Senior Data Engineer
infocepts
Job Description
Key Result Areas and Activities:
- Data Pipeline Development & Support: Design, develop and optimize end to end batch and streaming data pipelines using Azure Databricks and Spark.
- Data Architecture Implementation: Apply Medallion Architecture to structure data layers (raw, enriched, curated).
- Data Quality & Governance: Ensure data accuracy, consistency, and governance using tools like Azure Purview and Unity Catalog.
- Performance Optimization: Optimize Spark jobs, Delta Lake tables, and SQL queries for efficiency and cost-effectiveness.
- Collaboration & Delivery: Work closely with analysts, architects, and business teams to deliver end-to-end data solutions.
Essential Skills:
- Hands-on experience with Databricks, Delta Lake, Data Factory.
- Proficiency in Python, PySpark, and SQL with strong query optimization skills.
- Deep understanding of Lakehouse architecture and Medallion design patterns.
- Experience building scalable ETL/ELT pipelines and data transformations.
- Experience with Git, CI/CD pipelines, and Agile methodologies.
- Rotational Shift including 2 weeks Night Shift.
Desirable Skills:
- Knowledge of data quality frameworks and monitoring practices.

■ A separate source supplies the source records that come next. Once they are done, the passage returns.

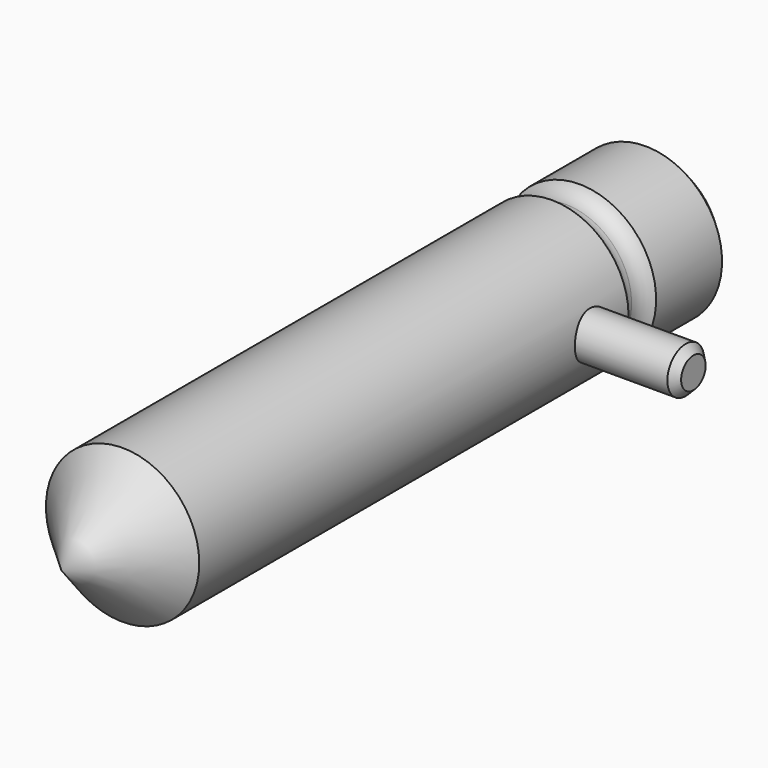
from build123d import *

# Parameters (mm, degrees)
F0_R     = 5
F1_DEPTH = 40
F2_R     = 4.3
F3_DEPTH = 2.25
F4_R     = 5
F5_DEPTH = 6.375
F7_SIZE  = 1
F8_R     = 1.5
F9_DEPTH = 11.53
F10_SIZE = 0.5
F11_SIZE = 5


# Not quite as in the source:
# - a fillet or chamfer that OpenCascade refuses, or shapes differently, is made with other operations: its cross-section is extruded or revolved along the edge and cut away or added


with BuildPart() as f1:
    # F0 (on Front) → F1 (new body)
    with BuildSketch(Plane.XZ):
        Circle(F0_R)
    extrude(amount=F1_DEPTH)

    # F2 (on face) → F3 (join)
    with BuildSketch(Plane(origin=(0, 0, 0), x_dir=(-1, 0, 0), z_dir=(0, 1, 0))):
        Circle(F2_R)
    extrude(amount=F3_DEPTH)

    # F4 (on face) → F5 (join)
    with BuildSketch(Plane(origin=(0, 2.25, 0), x_dir=(-1, 0, 0), z_dir=(0, 1, 0))):
        Circle(F4_R)
    extrude(amount=F5_DEPTH)

    # F6: fillet of radius 1.25 on 3 edges, made by hand

    # F6_s1 → F6_t2 (revolve)
    with BuildSketch(Plane.XY):
        with BuildLine():
            ThreePointArc((-4.3, 1.122497216), (-4.4893398282, 0.4610593883), (-5, 0))
            Line((-5, 0), (-4.3, 0))
            Line((-4.3, 0), (-4.3, 1.122497216))
        make_face()
    revolve(axis=Axis((0, 0, 0), (0, 1, 0)))

    # F6_s3 → F6_t4 (revolve)
    with BuildSketch(Plane.XY):
        with BuildLine():
            ThreePointArc((-5, 2.25), (-4.4893398282, 1.7889406117), (-4.3, 1.127502784))
            Line((-4.3, 1.127502784), (-4.3, 2.25))
            Line((-4.3, 2.25), (-5, 2.25))
        make_face()
    revolve(axis=Axis((0, 2.25, 0), (0, 1, 0)))

    # F7
    f7_edges = [f1.edges().sort_by_distance(p)[0] for p in [
        (5, 8.625, 0),
    ]]
    chamfer(f7_edges, length=F7_SIZE)

    # F8 (on Right) → F9 (join)
    with BuildSketch(Plane.YZ):
        with Locations((-2.875, 0)):
            Circle(F8_R)
    extrude(amount=F9_DEPTH)

    # F10
    f10_edges = [f1.edges().sort_by_distance(p)[0] for p in [
        (11.53, -4.375, 0),
    ]]
    chamfer(f10_edges, length=F10_SIZE)

    # F11
    f11_edges = [f1.edges().sort_by_distance(p)[0] for p in [
        (-5, -40, 0),
    ]]
    chamfer(f11_edges, length=F11_SIZE)


solid = f1.part

- Experience with data visualization tools.
- Experience of working in managed services
Qualifications:
- Education: Likely a degree in Computer Science, Data Engineering, Information Systems, or a related field.
- Experience:
- Proven hands-on experience with Azure data stack (Databricks, Data Factory, Delta Lake).
- Experience in building scalable ETL/ELT pipelines.
- Familiarity with data governance and DevOps practices.